Офис Леонида Дмитриевича Кудлина находился в неприметном месте на Старой Басманной улице, занимая небольшое двухэтажное помещение. В свое время Кудлин получил второе, юридическое, образование и теперь был членом московской коллегии адвокатов, что позволяло ему открыть свою юридическую консультацию, в которой не давали консультации и не работали с клиентами. В преступном мире Москвы все знали, что Кудлин работает только на Рашковского и является его правой рукой. Однако переезжать в величественный офис компании патрона Кудлин всегда отказывался, полагая, что правильнее находиться на некотором отдалении от своего работодателя и напарника.
В его здании, кроме самого Кудлина, работало еще несколько человек, которые выполняли наиболее деликатные поручения своего босса. Кудлин не понимал и не принимал внешнего антуража. Огромные кабинеты с массивной мебелью, украшенные персидскими коврами, были не для него. В его кабинетах все было просто и максимально удобно. Дешевая шведская мебель, очень простые телефоны, обычные вешалки из металлических отходов, чешские обои. Кудлин знал, что настоящая власть не в антураже, а в реальных деньгах и влиянии, которым располагал Рашковский, а значит, и его советник. Единственное исключение, которое безусловно допускалось, это спецтехника, которой был нашпигован его двухэтажный офис. Буквально каждый сантиметр был под контролем. Везде стояли скремблеры и скэллеры, не позволявшие посторонним услышать, о чем говорят хозяева кабинетов. Даже в оконные рамы были вмонтированы специальные приборы, мешавшие считывать разговоры с вибрации оконных стекол. Именно здесь Кудлин чувствовал себя достаточно комфортно, чтобы разговаривать с нужными людьми на важные темы и не опасаться, что его могут услышать. В особняке был и отдельный кабинет, защищенный со всех сторон, какой обычно оборудуется в зарубежных посольствах для шифровальщиков и сотрудников службы безопасности. В этом кабинете Кудлин принимал самых важных гостей.

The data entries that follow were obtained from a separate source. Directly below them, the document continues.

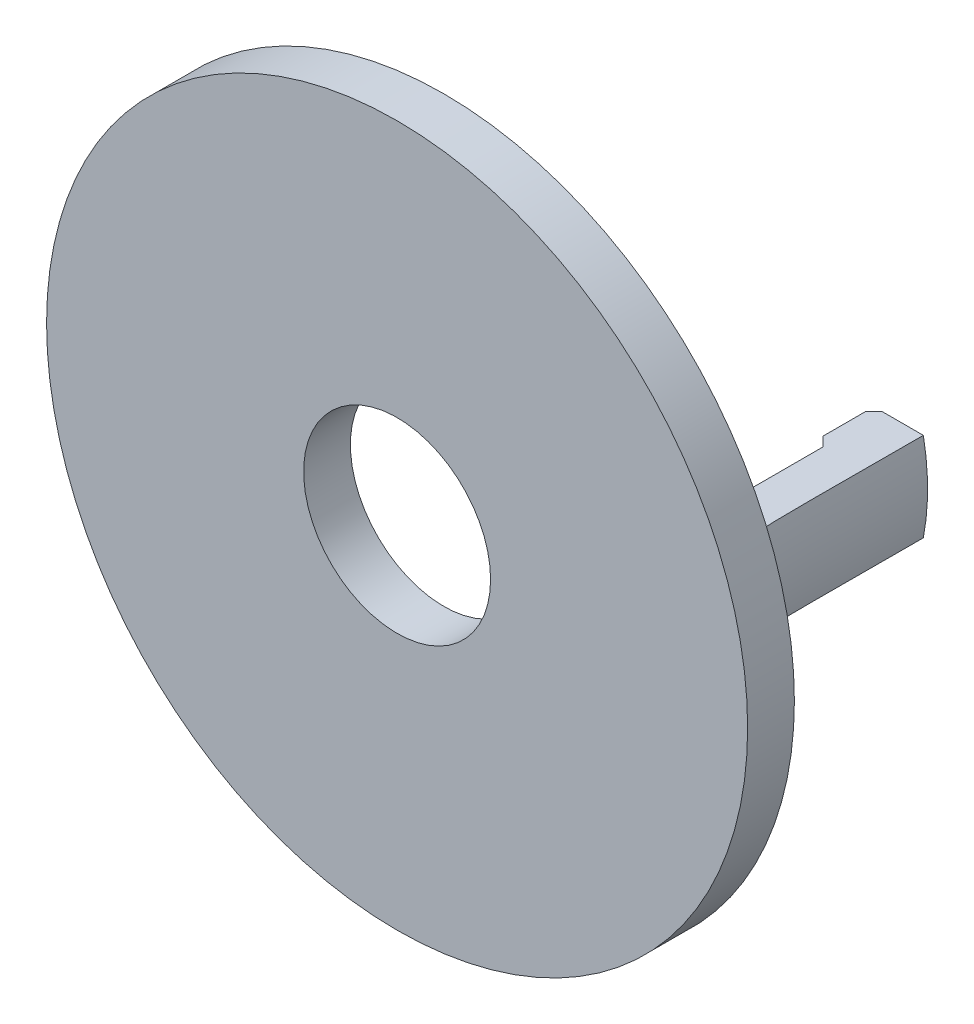
from build123d import *

# Parameters (mm, degrees)
SKETCH4_R           = 37.5
BOSS_EXTRUDE2_DEPTH = 5
SKETCH5_R           = 10
CUT_EXTRUDE1_DEPTH  = 54.268189382
BOSS_EXTRUDE3_DEPTH = 4.75
SKETCH1_R           = 37.5
CUT_EXTRUDE2_DEPTH  = 60.397495738


with BuildPart() as part:
    # Sketch4 → Boss-Extrude2 (new body)
    with BuildSketch(Plane.XY):
        Circle(SKETCH4_R)
    extrude(amount=BOSS_EXTRUDE2_DEPTH)

    # Sketch5 → Cut-Extrude1 (cut, through all)
    with BuildSketch(Plane.XY.offset(5)):
        Circle(SKETCH5_R)
    extrude(amount=-CUT_EXTRUDE1_DEPTH, mode=Mode.SUBTRACT)

    # Sketch6 → Boss-Extrude3 (add, symmetric)
    with BuildSketch(Plane(origin=(0, 0, 0), x_dir=(1, 0, 0), z_dir=(0, 1, 0))):
        Polygon((20.25, 2.896446609), (17.353553391, 0), (26.5, 0), (26.5, 26.75), (20.103553391, 26.75), (19.25, 25.896446609), (19.25, 21.310660172), (20.25, 20.310660172), align=None)
    boss_extrude3 = extrude(amount=BOSS_EXTRUDE3_DEPTH, both=True)

    # Sketch1 → Cut-Extrude2 (cut, through all)
    with BuildSketch(Plane.XY):
        Circle(SKETCH1_R)
        with BuildLine():
            ThreePointArc((-1, 26.481125354), (18.381376445, 19.088609169), (26.5, 0))
            ThreePointArc((26.5, 0), (18.381376445, -19.088609169), (-1, -26.481125354))
            ThreePointArc((-1, -26.481125354), (-28.5, 0), (-1, 26.481125354))
        make_face(mode=Mode.SUBTRACT)
    cut_extrude2 = extrude(amount=-CUT_EXTRUDE2_DEPTH, mode=Mode.SUBTRACT)

    # Sketch6<4> → Cut-Revolve1 (revolve, cut)
    with BuildSketch(Plane(origin=(0, 0, 0), x_dir=(1, 0, 0), z_dir=(0, 1, 0))):
        with BuildLine():
            add(Edge.make_bspline(
                [(25, 26.75), (25, 22.72818992), (24.990050178, 20.542467854), (25.01194908, 14.942357728), (24.774871471, 4.983935506), (26.5, 0)],
                knots=[0, 0, 0, 0, 0.44660472, 0.54660472, 1, 1, 1, 1], degree=3))
            Line((26.5, 0), (26.5, 26.75))
            Line((26.5, 26.75), (25, 26.75))
        make_face()
    cut_revolve1 = revolve(axis=Axis((0, 0, 0), (0, 0, -1)), mode=Mode.SUBTRACT)

    # Mirror1: Boss-Extrude3, Cut-Extrude2, Cut-Revolve1 across plane
    add(boss_extrude3.mirror(Plane(origin=(0, 0, 0), x_dir=(0, 0, 1), z_dir=(1, 0, 0))))
    add(cut_extrude2.mirror(Plane(origin=(0, 0, 0), x_dir=(0, 0, 1), z_dir=(1, 0, 0))), mode=Mode.SUBTRACT)
    add(cut_revolve1.mirror(Plane(origin=(0, 0, 0), x_dir=(0, 0, 1), z_dir=(1, 0, 0))), mode=Mode.SUBTRACT)


solid = part.part

Приехав на работу, он кивнул своему секретарю, пожилой женщине, работавшей с ним почти тридцать лет, и прошел в тот самый закрытый кабинет, где полагалось проводить самые важные беседы. Он ждал вызванного сюда человека, чтобы переговорить с ним по последним делам. Но гость запаздывал, и он позвал своего помощника – Иосифа Мейгеша. Это был мужчина ниже среднего роста, лысый, со смешными оттопыренными ушами, крупным носом и печальными карими глазами. Мейгеш работал с Кудлиным уже достаточно давно, если среди окружения Леонида Дмитриевич и был человек, которому он верил несколько больше остальных, это был именно Иосиф Мейгеш.
– Мне нужны все данные по Джамалу, – сразу сказал Кудлин, – все, что сможешь найти. Его новые связи, его возможные помощники, его сфера бизнеса. Это ведь он инструктировал Реваза перед его отправкой в Испанию?
– Да, – кивнул Мейгеш, – он отвечал за отправку Реваза.
– И если миссия Реваза провалилась – значит, виноват лично Джамал, – сделал вывод Кудлин.
Помощник с непроницаемым выражением лица смотрел на него. Кудлин знал, что когда у Иосифа появляется такое выражение и он молчит, значит, не согласен со своим патроном.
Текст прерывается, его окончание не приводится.